Les protéines sont des éléments constitutifs de la vie. Elles sont impliquées dans pratiquement tous les processus biologiques. Comprendre les interactions entre les protéines est essentiel pour déchiffrer les complexités des fonctions cellulaires et a des implications importantes pour le développement de médicaments et le traitement des maladies.

Cependant, la capacité à prédire quelles protéines se lient entre elles est une question difficile en biologie computationnelle, notamment en raison de la grande diversité et de la complexité des structures des protéines. Une récente étude menée par l’équipe d’Anne-Florence Bitbol de l’EPFL pourrait désormais changer cela.

Cette équipe de scientifiques, composée d’Umberto Lupo, Damiano Sgarbossa et Anne-Florence Bitbol, a mis au point DiffPALM (Differentiable Pairing using Alignment-based Language Models). Il s’agit d’une approche basée sur l’IA qui peut considérablement faire progresser la prédiction des interactions entre des séquences de protéines. L’étude est publiée dans la revue PNAS.

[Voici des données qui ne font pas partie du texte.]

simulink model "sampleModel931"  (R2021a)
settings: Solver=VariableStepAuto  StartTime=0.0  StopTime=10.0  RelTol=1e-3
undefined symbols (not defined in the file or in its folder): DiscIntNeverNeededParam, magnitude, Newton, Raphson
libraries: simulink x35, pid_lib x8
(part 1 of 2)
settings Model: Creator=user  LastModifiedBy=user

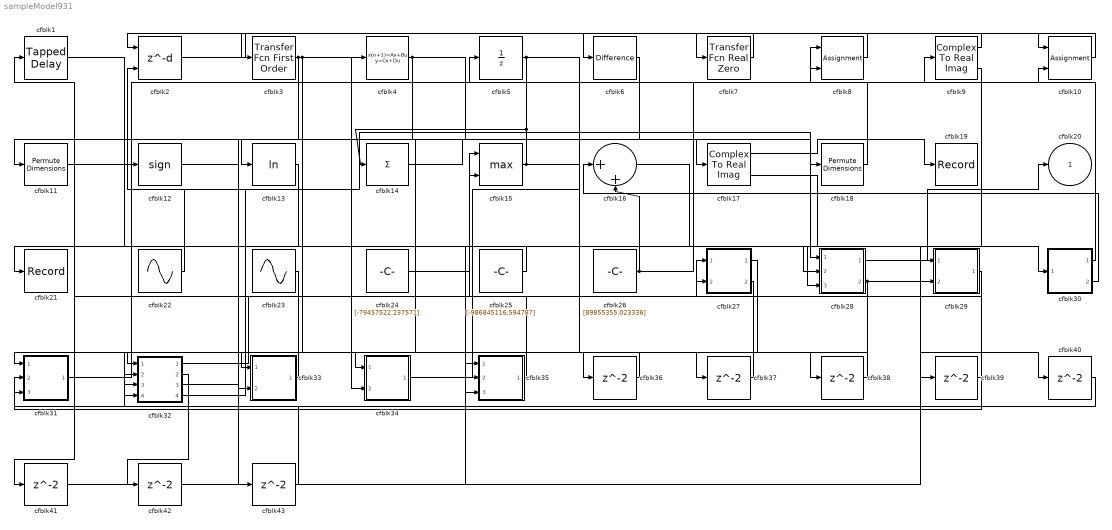
== system sampleModel931 ==
  cfblk1 : simulink/Discrete/Tapped Delay  vinit=0.0  samptime=-1  NumDelays=1  DelayOrder=Oldest  includeCurrent=off
  cfblk10 : Assignment  DiagnosticForDimensions=Warning  IndexOptions=Index vector (dialog)  Indices=1  OutputSizes=1
  cfblk11 : PermuteDimensions
  cfblk12 : Signum
  cfblk13 : Math  Operator=log  SaturateOnIntegerOverflow=on
  cfblk14 : Sum  Inputs=+
  cfblk15 : MinMax  Function=max  Inputs=2
  cfblk16 : Sum  Inputs=|++
  cfblk17 : ComplexToRealImag
  cfblk18 : PermuteDimensions
  cfblk19 : Record  FileSettingsInternal="{\"entries\":[{\"content\":{\"excelSettings\":{\"content\":{},\"type\":\"Streamout.ExcelSettings\"}},\"type\":\"Streamout.FileSettingStorage\",\"uuid\":\"344b2579-8096-44a0-829a-8fa8cea9bf3e\"}],\"packageUris\":[\"http://schema.mathworks.com/mf0/streamout_blocks/R2020a\"],\"version\":\"1.0\"}"  SignalsInternal="{\"entries\":[{\"content\":{\"signals\":[{\"content\":{\"blockPath\":[\"sampleModel931/cfblk19\"],\"channel\":[],\"dimensions\":[1],\"domain\":\"samplemodel931/cfblk19\",\"lineColor\":\"#a2142f\",\"plots\":[1],\"port\":1,\"sid\":[\"\"],\"signalID\":7177,\"signalName\":\"cfblk17:1\"},\"type\":\"RecordBlkView.Signal\",\"uuid\":\"202db960-daa0-4a0a-ad9f-c9ed2231518e\"}]},\"type\":\"RecordBlkView.InputSignals\",\"uuid\":\"c8fea5f5-595d-44bd-9296-e1420b6ba1ce\"}],\"packageUris\":[\"http://schema.mathworks.com/mf0/streamout_blocks/R2020a\"],\"version\":\"1.0\"}"  VisualizationBindings="{\"sparklinesplugin\":{\"info\":[{\"bindingParametersList\":[],\"subplotID\":1}]}}"
  cfblk2 : Delay  DelayLengthSource=Input port  SampleTime=1
      settings: InputPortMap=u0,p1
  cfblk21 : Record  FileSettingsInternal="{\"entries\":[{\"content\":{\"excelSettings\":{\"content\":{},\"type\":\"Streamout.ExcelSettings\"}},\"type\":\"Streamout.FileSettingStorage\",\"uuid\":\"47128032-d6b5-40ff-842c-bb4838ad83b6\"}],\"packageUris\":[\"http://schema.mathworks.com/mf0/streamout_blocks/R2020a\"],\"version\":\"1.0\"}"  SignalsInternal="{\"entries\":[{\"content\":{\"signals\":[{\"content\":{\"blockPath\":[\"sampleModel931/cfblk21\"],\"channel\":[],\"dimensions\":[1],\"domain\":\"samplemodel931/cfblk21\",\"lineColor\":\"#ff6929\",\"plots\":[1],\"port\":1,\"sid\":[\"\"],\"signalID\":7185,\"signalName\":\"cfblk25\"},\"type\":\"RecordBlkView.Signal\",\"uuid\":\"305fc408-6697-4ad2-987d-cf51be774916\"}]},\"type\":\"RecordBlkView.InputSignals\",\"uuid\":\"d64a9699-7d60-471f-aacd-da0b4468fcb5\"}],\"packageUris\":[\"http://schema.mathworks.com/mf0/streamout_blocks/R2020a\"],\"version\":\"1.0\"}"  VisualizationBindings="{\"sparklinesplugin\":{\"info\":[{\"bindingParametersList\":[],\"subplotID\":1}]}}"
  cfblk22 : Sin  Amplitude=[-979508255.020901]  Bias=[-315371967.281883]  SampleTime=0
  cfblk23 : Sin  Amplitude=[-6086076.617580]  Bias=[-663456107.750280]  SampleTime=0
  cfblk24 : Constant  Value=[-79457522.237571]  SampleTime=1
  cfblk25 : Constant  Value=[-986845116.594787]  SampleTime=1
  cfblk26 : Constant  Value=[89855355.023336]  SampleTime=1
  cfblk27 : Subsystem
  cfblk28 : Subsystem
  cfblk29 : Subsystem
  cfblk3 : simulink/Discrete/Transfer Fcn First Order  PoleZ=0.95  ICPrevOutput=0.0  DoSatur=off
  cfblk30 : Subsystem
  cfblk31 : Subsystem
  cfblk32 : Subsystem
  cfblk33 : Subsystem
  cfblk34 : Subsystem
  cfblk35 : Subsystem
  cfblk{36..43} (8 alike) : Delay  SampleTime=1
  cfblk4 : DiscreteStateSpace
  cfblk5 : UnitDelay  HasFrameUpgradeWarning=on
  cfblk6 : simulink/Discrete/Difference  ICPrevInput=0.0  OutMin=[]  OutMax=[]  OutDataTypeStr=Inherit: Inherit via back propagation  OutDataType=fixdt(1, 16)  OutScaling=2^-10  DoSatur=off
  cfblk7 : simulink/Discrete/Transfer Fcn Real Zero  ZeroZ=0.75  ICPrevInput=0.0  DoSatur=off
      settings: SourceProductBaseCode=SL
  cfblk8 : Assignment  DiagnosticForDimensions=Warning  IndexOptions=Index vector (dialog)  Indices=1  OutputSizes=1
  cfblk9 : ComplexToRealImag
  cfblk20 : Outport
  wires:
  cfblk2/1 -> cfblk10/1
  cfblk3/1 -> cfblk33/1(cfblk1), cfblk36/1, cfblk33/2(cfblk12)
  cfblk32/1(cfblk2) -> cfblk27/1(cfblk1)
  cfblk28/1(cfblk2) -> cfblk20/1
  cfblk35/1(cfblk2) -> cfblk15/1
  cfblk14/1 -> cfblk17/1
  cfblk11/1 -> cfblk28/1(cfblk1)
  cfblk5/1 -> cfblk14/1, cfblk34/1(cfblk1), cfblk28/3(cfblk14)
  cfblk4/1 -> cfblk11/1, cfblk18/1
  cfblk6/1 -> cfblk13/1
  cfblk8/1 -> cfblk2/1
  cfblk17/1 -> cfblk19/1
  cfblk25/1 -> cfblk21/1
  cfblk16/1 -> cfblk28/2(cfblk13)
  cfblk31/1(cfblk2) -> cfblk9/1
  cfblk33/1(cfblk2) -> cfblk32/1(cfblk1)
  cfblk18/1 -> cfblk8/1
  cfblk9/1 -> cfblk3/1
  cfblk22/1 -> cfblk2/2
  cfblk30/1(cfblk2) -> cfblk5/1
  cfblk30/2(cfblk8) -> cfblk16/1
  cfblk34/1(cfblk2) -> cfblk10/2
  cfblk29/1(cfblk2) -> cfblk31/2(cfblk13)
  cfblk32/4(cfblk16) -> cfblk4/1
  cfblk15/1 -> cfblk12/1, cfblk38/1
  cfblk24/1 -> cfblk15/2
  cfblk7/1 -> cfblk6/1
  cfblk26/1 -> cfblk8/2, cfblk16/2
  cfblk1/1 -> cfblk29/2(cfblk12)
  cfblk10/1 -> cfblk7/1
  cfblk28/2(cfblk15) -> cfblk34/2(cfblk7), cfblk40/1
  cfblk9/2 -> cfblk35/2(cfblk16)
  cfblk12/1 -> cfblk30/1(cfblk1)
  cfblk23/1 -> cfblk32/4(cfblk13)
  cfblk27/2(cfblk7) -> cfblk35/3(cfblk17)
  cfblk36/1 -> cfblk31/1(cfblk1)
  cfblk27/1(cfblk2) -> cfblk37/1
  cfblk37/1 -> cfblk1/1
  cfblk38/1 -> cfblk32/2(cfblk11)
  cfblk17/2 -> cfblk39/1
  cfblk39/1 -> cfblk27/2(cfblk6)
  cfblk40/1 -> cfblk32/3(cfblk12)
  cfblk13/1 -> cfblk41/1
  cfblk41/1 -> cfblk35/1(cfblk1)
  cfblk32/2(cfblk14) -> cfblk42/1
  cfblk42/1 -> cfblk29/1(cfblk1)
  cfblk32/3(cfblk15) -> cfblk43/1
  cfblk43/1 -> cfblk31/3(cfblk14)

== system sampleModel931/cfblk27 ==
  cfblk1 : Inport
  cfblk6 : Inport  Port=2
  cfblk3 : Constant  Value=[-684045986.620494]  SampleTime=1
  cfblk4 : Subsystem
  cfblk5 : Subsystem
  cfblk2 : Outport
  cfblk7 : Outport  Port=2
  wires:
  cfblk5/1(cfblk2) -> cfblk7/1
  cfblk6/1 -> cfblk5/1(cfblk1)
  cfblk1/1 -> cfblk5/2(cfblk13)
  cfblk3/1 -> cfblk2/1
  cfblk5/2(cfblk14) -> cfblk4/1(cfblk1)

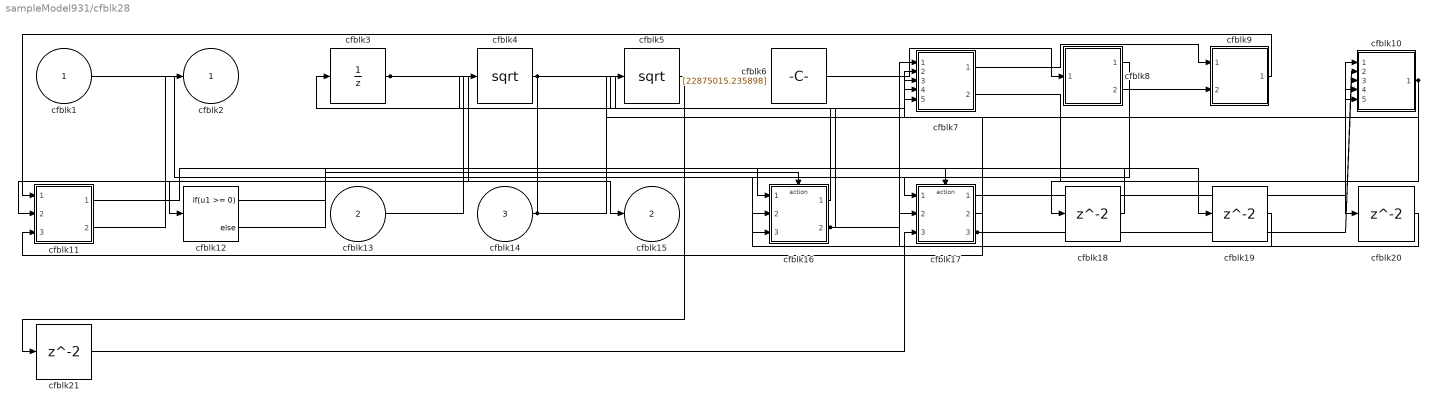
== system sampleModel931/cfblk28 ==
  cfblk1 : Inport
  cfblk13 : Inport  Port=2
  cfblk14 : Inport  Port=3
  cfblk10 : Subsystem
  cfblk11 : Subsystem
  cfblk12 : If  IfExpression=u1 >= 0  SampleTime=1
  cfblk16 : Subsystem  TreatAsAtomicUnit=on
  cfblk17 : Subsystem  TreatAsAtomicUnit=on
  cfblk{18..21} (4 alike) : Delay  SampleTime=1
  cfblk3 : UnitDelay  HasFrameUpgradeWarning=on
  cfblk4 : Sqrt  SaturateOnIntegerOverflow=on
  cfblk5 : Sqrt  SaturateOnIntegerOverflow=on
  cfblk6 : Constant  Value=[22875015.235898]  SampleTime=1
  cfblk7 : Subsystem
  cfblk8 : Subsystem
  cfblk9 : Subsystem
  cfblk2 : Outport
  cfblk15 : Outport  Port=2
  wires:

DiffPALM tire parti de la puissance des modèles de langage protéiques, un concept avancé d’apprentissage automatique emprunté au traitement du langage naturel, pour analyser et prédire les interactions entre les membres de deux familles de protéines avec une précision sans précédent. DiffPALM utilise ces techniques d’apprentissage machine pour prédire les paires de protéines en interaction. Il s’ensuit une amélioration significative par rapport à d’autres méthodes qui nécessitent souvent de grands ensembles de données suffisamment divers, et qui se heurtent à la complexité des complexes protéiques eucaryotes.

Un autre avantage de DiffPALM est sa polyvalence. En effet, cette approche peut fonctionner même avec de plus petits ensembles de données de séquences et traiter ainsi des protéines rares qui ont peu d’homologues (des protéines d’espèces différentes qui partagent des ancêtres évolutifs communs). Elle s’appuie sur des modèles de langage protéiques entraînés sur des alignements multiples de séquences (MSA), comme le MSA Transformer et le module EvoFormer d’AlphaFold, ce qui lui permet de comprendre et de prédire les interactions complexes entre les protéines avec une extrême précision.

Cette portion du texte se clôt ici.